WHAT YOU ARE ASKED TO DO: Answer with one number: the count of lines in this material that hold the word "Cboot".

** SOURCE DATA follows **

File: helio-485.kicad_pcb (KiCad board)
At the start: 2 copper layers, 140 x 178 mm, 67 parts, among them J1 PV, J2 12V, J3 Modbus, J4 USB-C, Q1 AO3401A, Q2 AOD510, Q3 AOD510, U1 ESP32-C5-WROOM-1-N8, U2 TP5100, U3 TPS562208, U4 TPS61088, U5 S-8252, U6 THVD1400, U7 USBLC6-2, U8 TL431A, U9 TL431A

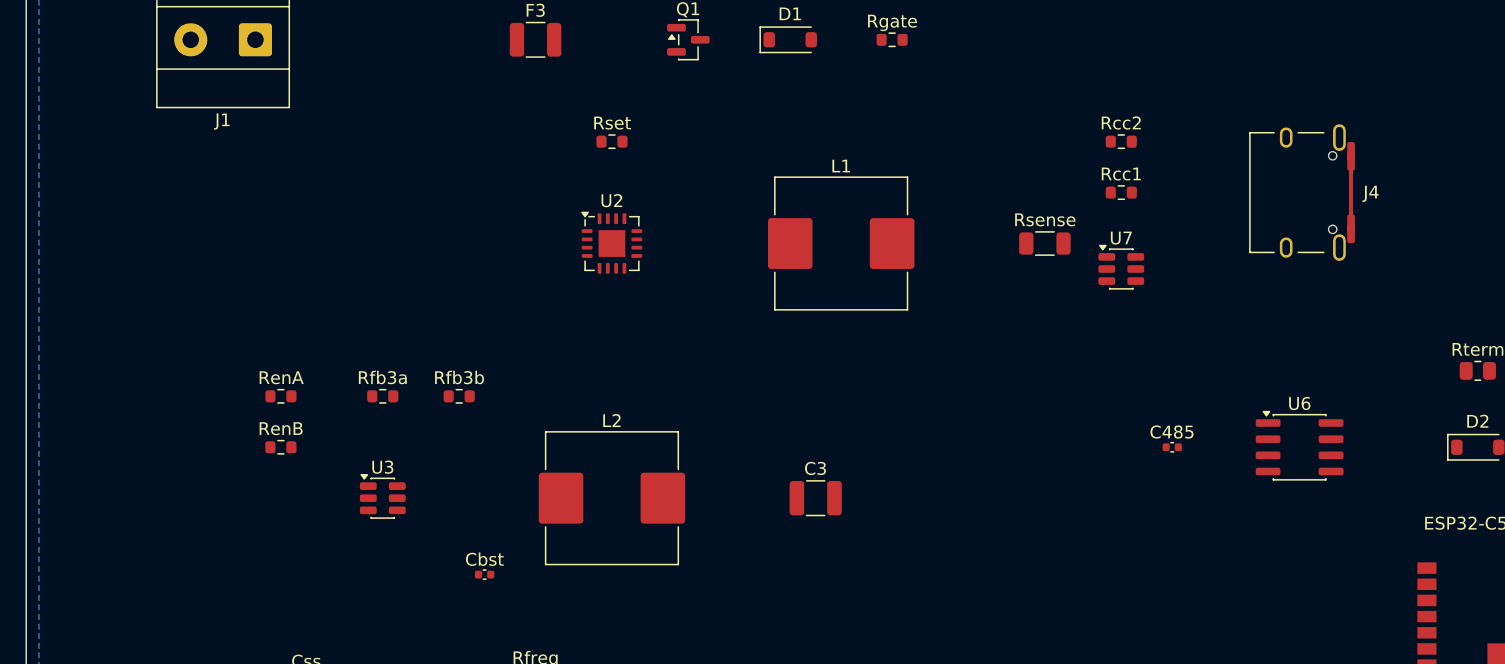
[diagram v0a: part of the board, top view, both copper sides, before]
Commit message: Put USB-C on the left edge for programming
J4 faces off the board. D+ and D- reach ESP32-C5 pins 14 and 13 through 22 ohm resistors. D3 ORs VBUS onto the 3.3 V buck so the laptop can flash the module with the pack out.
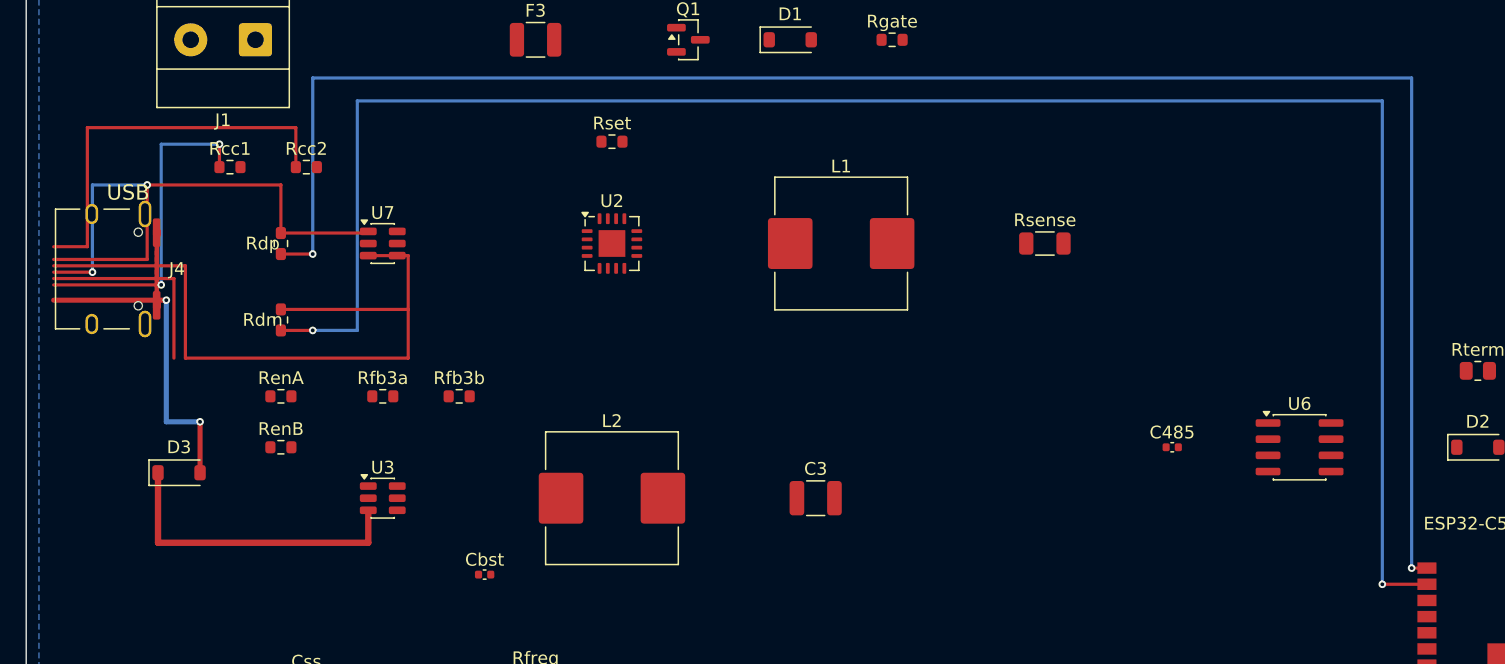
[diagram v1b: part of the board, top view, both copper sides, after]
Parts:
- added D3: B5819W, D_SOD-123, F.Cu at (12.0, 130.0)
- added Rdm: 22, R_0603_1608Metric, F.Cu at (20.0, 118.0)
- added Rdp: 22, R_0603_1608Metric, F.Cu at (20.0, 112.0)
- moved J4 94.0 mm to (6.20, 114.0)
- moved Rcc1 70.0 mm to (16.0, 106.0)
- moved Rcc2 64.0 mm to (22.0, 106.0)
- moved U7 58.0 mm to (28.0, 112.0)
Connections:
- J4 pad A6: USB_DP -> USB_DP_C
- J4 pad A7: USB_DM -> USB_DM_C
- J4 pad B6: USB_DP -> USB_DP_C
- J4 pad B7: USB_DM -> USB_DM_C
- U7 pad 1: USB_DP -> USB_DP_C
- U7 pad 3: USB_DM -> USB_DM_C
- U7 pad 4: USB_DM -> USB_DM_C
- U7 pad 6: USB_DP -> USB_DP_C
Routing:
- net USB_DM: track 0.00 -> 146.0 mm, vias 0 -> 2
- net USB_DP: track 0.00 -> 142.3 mm, vias 0 -> 2
- net USB_DM_C: track 0.00 -> 72.0 mm
- net USB_DP_C: track 0.00 -> 48.7 mm, vias 0 -> 2
- net CC2: track 0.00 -> 31.5 mm
- net CC1: track 0.00 -> 25.9 mm, vias 0 -> 2
- net USB_VBUS: track 0.00 -> 25.0 mm, vias 0 -> 2
- net VSYS: track 0.00 -> 24.6 mm
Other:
- board text added: "USB"

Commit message: Size the pack for a GloTech GEM2 on 3500 mAh cells
Six 18650s in 2S3P. The meter is 80-90 mA at 12 V, so this is about two days. J2 is yellow/purple and J3 is the meter's RS-485 pair.
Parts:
- added BT3: 18650, BatteryHolder_Keystone_1042_1x18650, F.Cu at (70.0, 18.0)
- added BT4: 18650, BatteryHolder_Keystone_1042_1x18650, F.Cu at (70.0, 45.0)
- added BT5: 18650, BatteryHolder_Keystone_1042_1x18650, F.Cu at (70.0, 72.0)
- added BT6: 18650, BatteryHolder_Keystone_1042_1x18650, F.Cu at (70.0, 99.0)
- BT1: value 18650-lower -> 18650
- BT2: value 18650-upper -> 18650
- moved BT1 108.0 mm to (70.0, 126.0)
- moved BT2 108.0 mm to (70.0, 153.0)
- moved C12A 108.0 mm to (68.0, 258.0)
- moved C12B 108.0 mm to (74.0, 258.0)
- moved C12C 108.0 mm to (80.0, 258.0)
- moved C3 108.0 mm to (62.0, 240.0)
- moved C485 108.0 mm to (90.0, 236.0)
- moved Cboot 108.0 mm to (36.0, 274.0)
- moved Cbst 108.0 mm to (36.0, 246.0)
- moved Cen 108.0 mm to (100.0, 268.0)
- moved Cmod 108.0 mm to (100.0, 272.0)
- moved Css 108.0 mm to (22.0, 254.0)
- moved Cvcc 108.0 mm to (16.0, 274.0)
- moved D1 108.0 mm to (60.0, 204.0)
- moved D2 108.0 mm to (114.0, 236.0)
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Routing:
- net PACK+: track 24.4 -> 175.4 mm, vias 0 -> 3
- net PACK-: track 16.3 -> 149.3 mm
- net MID: track 27.0 -> 135.0 mm
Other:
- board size 140 x 178 mm -> 140 x 286 mm
- board text added: "140 x 286 mm 2S3P 2-layer 2 oz"
- board text added: "2S3P"
- board text removed: "140 x 178 mm 2-layer 2 oz 1.6 mm"
- board text removed: "BT1 -"
- board text removed: "BT2 +"

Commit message: Cap the pack at two 3500 mAh cells
Three 3500 mAh cells cannot run a GEM2 for 48 hours, and the charger and protector are 2-cell parts. Board is back to 140 x 178 mm.
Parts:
- removed BT3, BT4, BT5, BT6: 18650, BatteryHolder_Keystone_1042_1x18650
- BT1, BT2: value 18650 -> 3500mAh
- moved BT1 108.0 mm to (70.0, 18.0)
- moved BT2 108.0 mm to (70.0, 45.0)
- moved C12A 108.0 mm to (68.0, 150.0)
- moved C12B 108.0 mm to (74.0, 150.0)
- moved C12C 108.0 mm to (80.0, 150.0)
- moved C3 108.0 mm to (62.0, 132.0)
- moved C485 108.0 mm to (90.0, 128.0)
- moved Cboot 108.0 mm to (36.0, 166.0)
- moved Cbst 108.0 mm to (36.0, 138.0)
- moved Cen 108.0 mm to (100.0, 160.0)
- moved Cmod 108.0 mm to (100.0, 164.0)
- moved Css 108.0 mm to (22.0, 146.0)
- moved Cvcc 108.0 mm to (16.0, 166.0)
- moved D1 108.0 mm to (60.0, 96.0)
- moved D2 108.0 mm to (114.0, 128.0)
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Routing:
- net PACK+: track 175.4 -> 24.4 mm, vias 3 -> 0
- net PACK-: track 149.3 -> 16.3 mm
- net MID: track 135.0 -> 27.0 mm
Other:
- board size 140 x 286 mm -> 140 x 178 mm
- board text added: "140 x 178 mm 2x3500 mAh 2-layer"
- board text added: "BT1 -"
- board text added: "BT2 +"
- board text removed: "140 x 286 mm 2S3P 2-layer 2 oz"
- board text removed: "2S3P"

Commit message: Replace the 18650 holders with a 2S pouch connector
Two 10 Ah flat cells cover about 43 hours at 90 mA. J5 is the pack and J6 is the balance lead.
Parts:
- removed BT1, BT2: 3500mAh, BatteryHolder_Keystone_1042_1x18650
- added J5: PACK, TerminalBlock_Phoenix_MKDS-1,5-2-5.08_1x02_P5.08mm_Horizontal, F.Cu at (78.0, 28.0)
- added J6: BAL, TerminalBlock_Phoenix_MKDS-1,5-3-5.08_1x03_P5.08mm_Horizontal, F.Cu at (78.0, 50.0)
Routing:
- net PACK-: track 16.3 -> 64.6 mm
- net PACK+: track 24.4 -> 59.9 mm
- net MID: track 27.0 -> 48.8 mm
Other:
- board text added: "140 x 178 mm 2S 10 Ah pouch"
- board text added: "BAL"
- board text added: "PACK"
- board text removed: "140 x 178 mm 2x3500 mAh 2-layer"
- board text removed: "BT1 -"
- board text removed: "BT2 +"

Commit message: Add a pack LVD and size the solar input for 2 A
The TP5100 cannot fill 10 Ah in 4 hours. Charge current is now its 2 A limit, and the boost is forced off below 6.4 V.
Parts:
- added Rens: 10k, R_0603_1608Metric, F.Cu at (108.0, 86.0)
- added Rha: 470k, R_0603_1608Metric, F.Cu at (98.0, 96.0)
- added Rpu: 100k, R_0603_1608Metric, F.Cu at (116.0, 96.0)
- added Rra: 17.4k, R_0603_1608Metric, F.Cu at (104.0, 96.0)
- added Rrb: 10.0k, R_0603_1608Metric, F.Cu at (110.0, 96.0)
- added Rsa: 43.2k, R_0603_1608Metric, F.Cu at (86.0, 96.0)
- added Rsb: 10.0k, R_0603_1608Metric, F.Cu at (92.0, 96.0)
- added U10: LM393, SOIC-8_3.9x4.9mm_P1.27mm, F.Cu at (96.0, 86.0)
- Rsense: value 0.10 -> 0.050
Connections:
- U1 pad 21: EN12 -> EN12_MCU
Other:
- board text added: "LVD 6.4V"
- board text removed: "BAL"

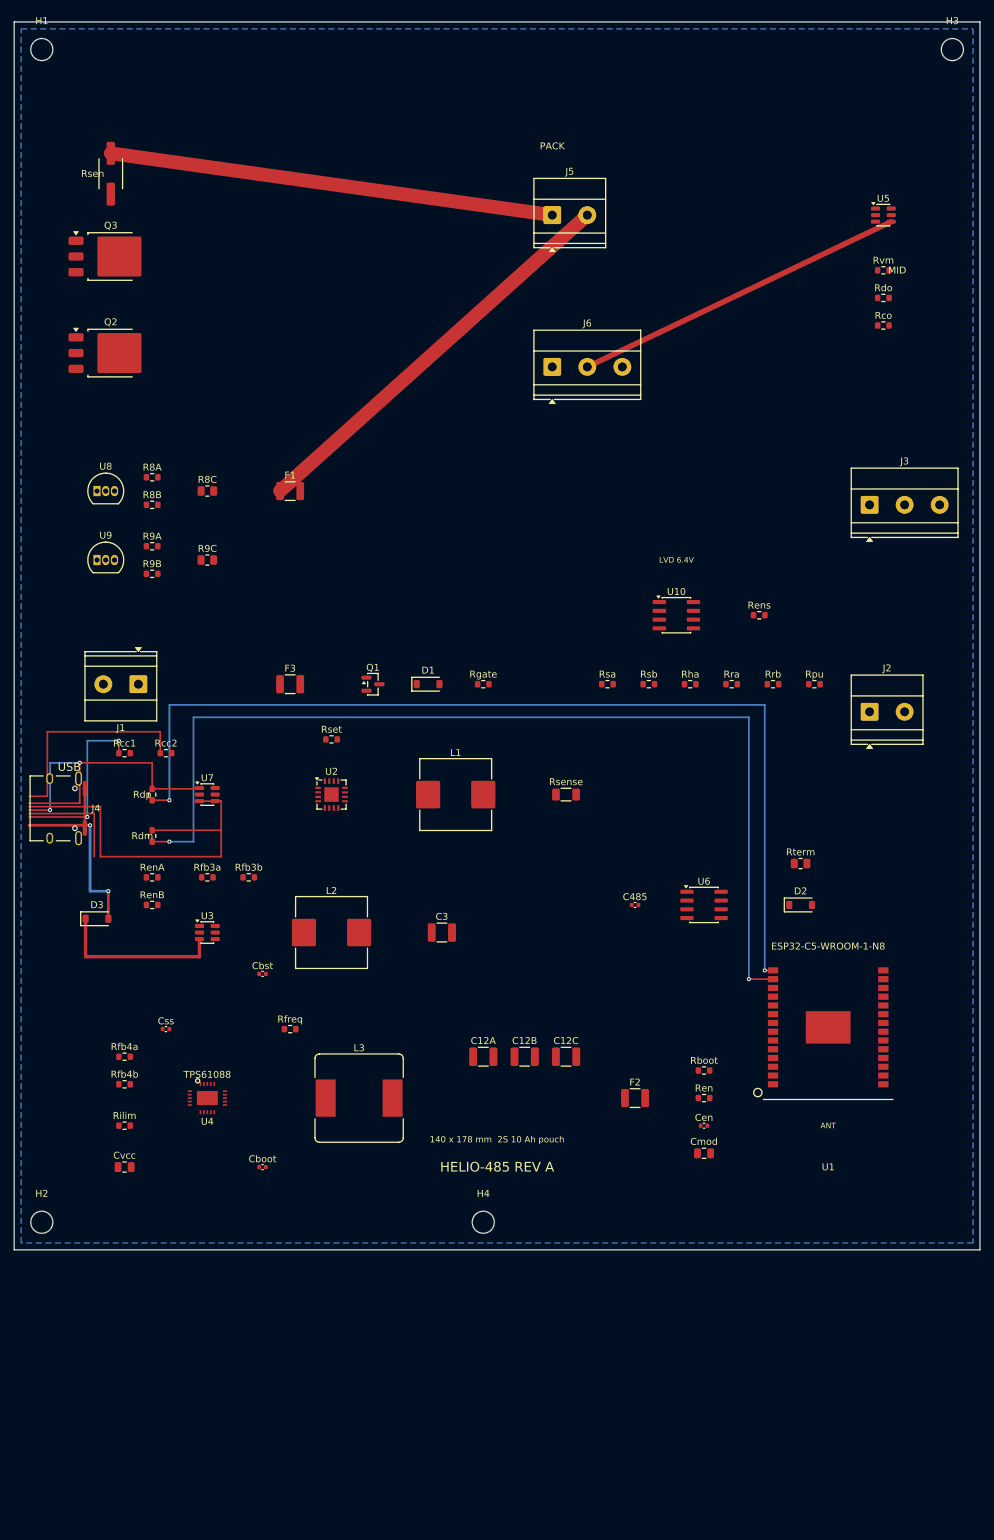
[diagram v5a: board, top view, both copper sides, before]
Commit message: Add W5500 Ethernet on the bottom edge
The ESP32-C5 has no MAC, so the jack is a W5500 on SPI. GPIO0 turns the PHY rail off when the pack has to last.
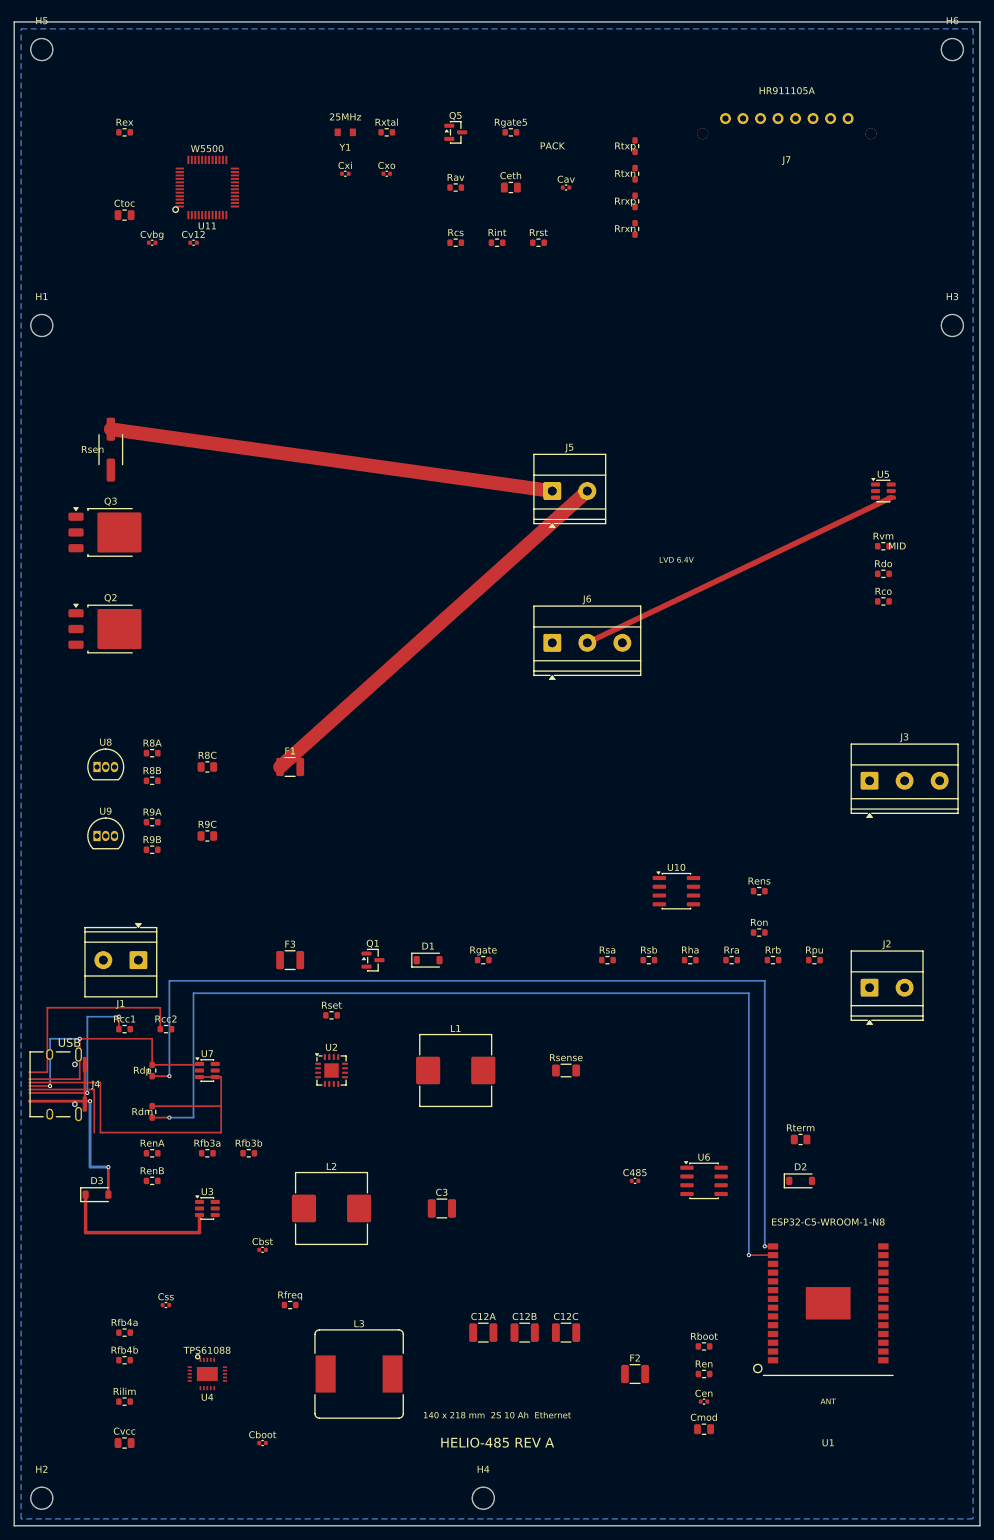
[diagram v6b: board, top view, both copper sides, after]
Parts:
- added Cav: 100n, C_0402_1005Metric, F.Cu at (80.0, 24.0)
- added Ceth: 10uF, C_0805_2012Metric, F.Cu at (72.0, 24.0)
- added Ctoc: 4.7u, C_0805_2012Metric, F.Cu at (16.0, 28.0)
- added Cv12: 10n, C_0402_1005Metric, F.Cu at (26.0, 32.0)
- added Cvbg: 10n, C_0402_1005Metric, F.Cu at (20.0, 32.0)
- added Cxi: 18p, C_0402_1005Metric, F.Cu at (48.0, 22.0)
- added Cxo: 18p, C_0402_1005Metric, F.Cu at (54.0, 22.0)
- added H5: M3, MountingHole_3.2mm_M3, F.Cu at (4.00, 4.00)
- added H6: M3, MountingHole_3.2mm_M3, F.Cu at (136.0, 4.00)
- added J7: HR911105A, Helio:RJ45-Magjack, F.Cu at (112.0, 14.0)
- added Q5: AO3401A, SOT-23, F.Cu at (64.0, 16.0)
- added Rav: 3.3, R_0603_1608Metric, F.Cu at (64.0, 24.0)
- added Rcs: 4.7k, R_0603_1608Metric, F.Cu at (64.0, 32.0)
- added Rex: 12.4k, R_0603_1608Metric, F.Cu at (16.0, 16.0)
- added Rgate5: 100k, R_0603_1608Metric, F.Cu at (72.0, 16.0)
- added Rint: 4.7k, R_0603_1608Metric, F.Cu at (70.0, 32.0)
- added Ron: 1k, R_0603_1608Metric, F.Cu at (108.0, 132.0)
- added Rrst: 4.7k, R_0603_1608Metric, F.Cu at (76.0, 32.0)
- added Rrxn: 49.9, R_0603_1608Metric, F.Cu at (90.0, 30.0)
- added Rrxp: 49.9, R_0603_1608Metric, F.Cu at (90.0, 26.0)
- added Rtxn: 49.9, R_0603_1608Metric, F.Cu at (90.0, 22.0)
- added Rtxp: 49.9, R_0603_1608Metric, F.Cu at (90.0, 18.0)
- added Rxtal: 1M, R_0603_1608Metric, F.Cu at (54.0, 16.0)
- added U11: W5500, Helio:W5500, F.Cu at (28.0, 24.0)
- added Y1: 25MHz, Helio:Crystal-3225, F.Cu at (48.0, 16.0)
- moved C12A 40.0 mm to (68.0, 190.0)
- moved C12B 40.0 mm to (74.0, 190.0)
- moved C12C 40.0 mm to (80.0, 190.0)
- moved C3 40.0 mm to (62.0, 172.0)
- moved C485 40.0 mm to (90.0, 168.0)
- moved Cboot 40.0 mm to (36.0, 206.0)
- moved Cbst 40.0 mm to (36.0, 178.0)
- moved Cen 40.0 mm to (100.0, 200.0)
- moved Cmod 40.0 mm to (100.0, 204.0)
- moved Css 40.0 mm to (22.0, 186.0)
- moved Cvcc 40.0 mm to (16.0, 206.0)
- moved D1 40.0 mm to (60.0, 136.0)
- moved D2 40.0 mm to (114.0, 168.0)
- moved D3 40.0 mm to (12.0, 170.0)
- moved F1 40.0 mm to (40.0, 108.0)
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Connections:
- U1 pad 11: (no net) -> ETH_CS
- U1 pad 12: (no net) -> ETH_MOSI
- U1 pad 23: (no net) -> ETH_INT
- U1 pad 26: (no net) -> ETH_RST
- U1 pad 4: (no net) -> ETH_SCLK
- U1 pad 5: (no net) -> ETH_MISO
- U1 pad 6: (no net) -> ETH_ON
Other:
- board size 140 x 178 mm -> 140 x 218 mm
- board text added: "140 x 218 mm 2S 10 Ah Ethernet"
- board text removed: "140 x 178 mm 2S 10 Ah pouch"

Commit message: Update the board to the KiCad 10 file format.
File version 20260206. Nets are stored by name.
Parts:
- added Ra: 10, R_0603_1608Metric, F.Cu at (109.5, 170.8)
- added Rb: 10, R_0603_1608Metric, F.Cu at (109.5, 165.2)
- added SJ1: OPEN, R_0603_1608Metric, F.Cu at (118.8, 155.6)
- D2: footprint D_SOD-123 -> SOT-23
- moved Rterm 5.13 mm to (118.8, 160.2)
- moved D2 4.80 mm to (118.8, 168.0)
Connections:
- D2 pad 1: A -> B
- D2 pad 2: B -> A
- Rterm pad 2: B -> TERM
- U6 pad 6: A -> A_DRV
- U6 pad 7: B -> B_DRV
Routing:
- net B: track 0.00 -> 9.39 mm
- net A: track 0.00 -> 9.39 mm
- net B_DRV: track 0.00 -> 8.37 mm
- net A_DRV: track 0.00 -> 8.37 mm
- net GND: track 0.00 -> 1.60 mm, vias 0 -> 1
- net RS485_DE: track 0.00 -> 1.27 mm
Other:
- board text added: "J3 A pink B green GND"
- board text added: "RS-485"

** End of SOURCE DATA **

RESPONSE TO THE EXERCISE: 3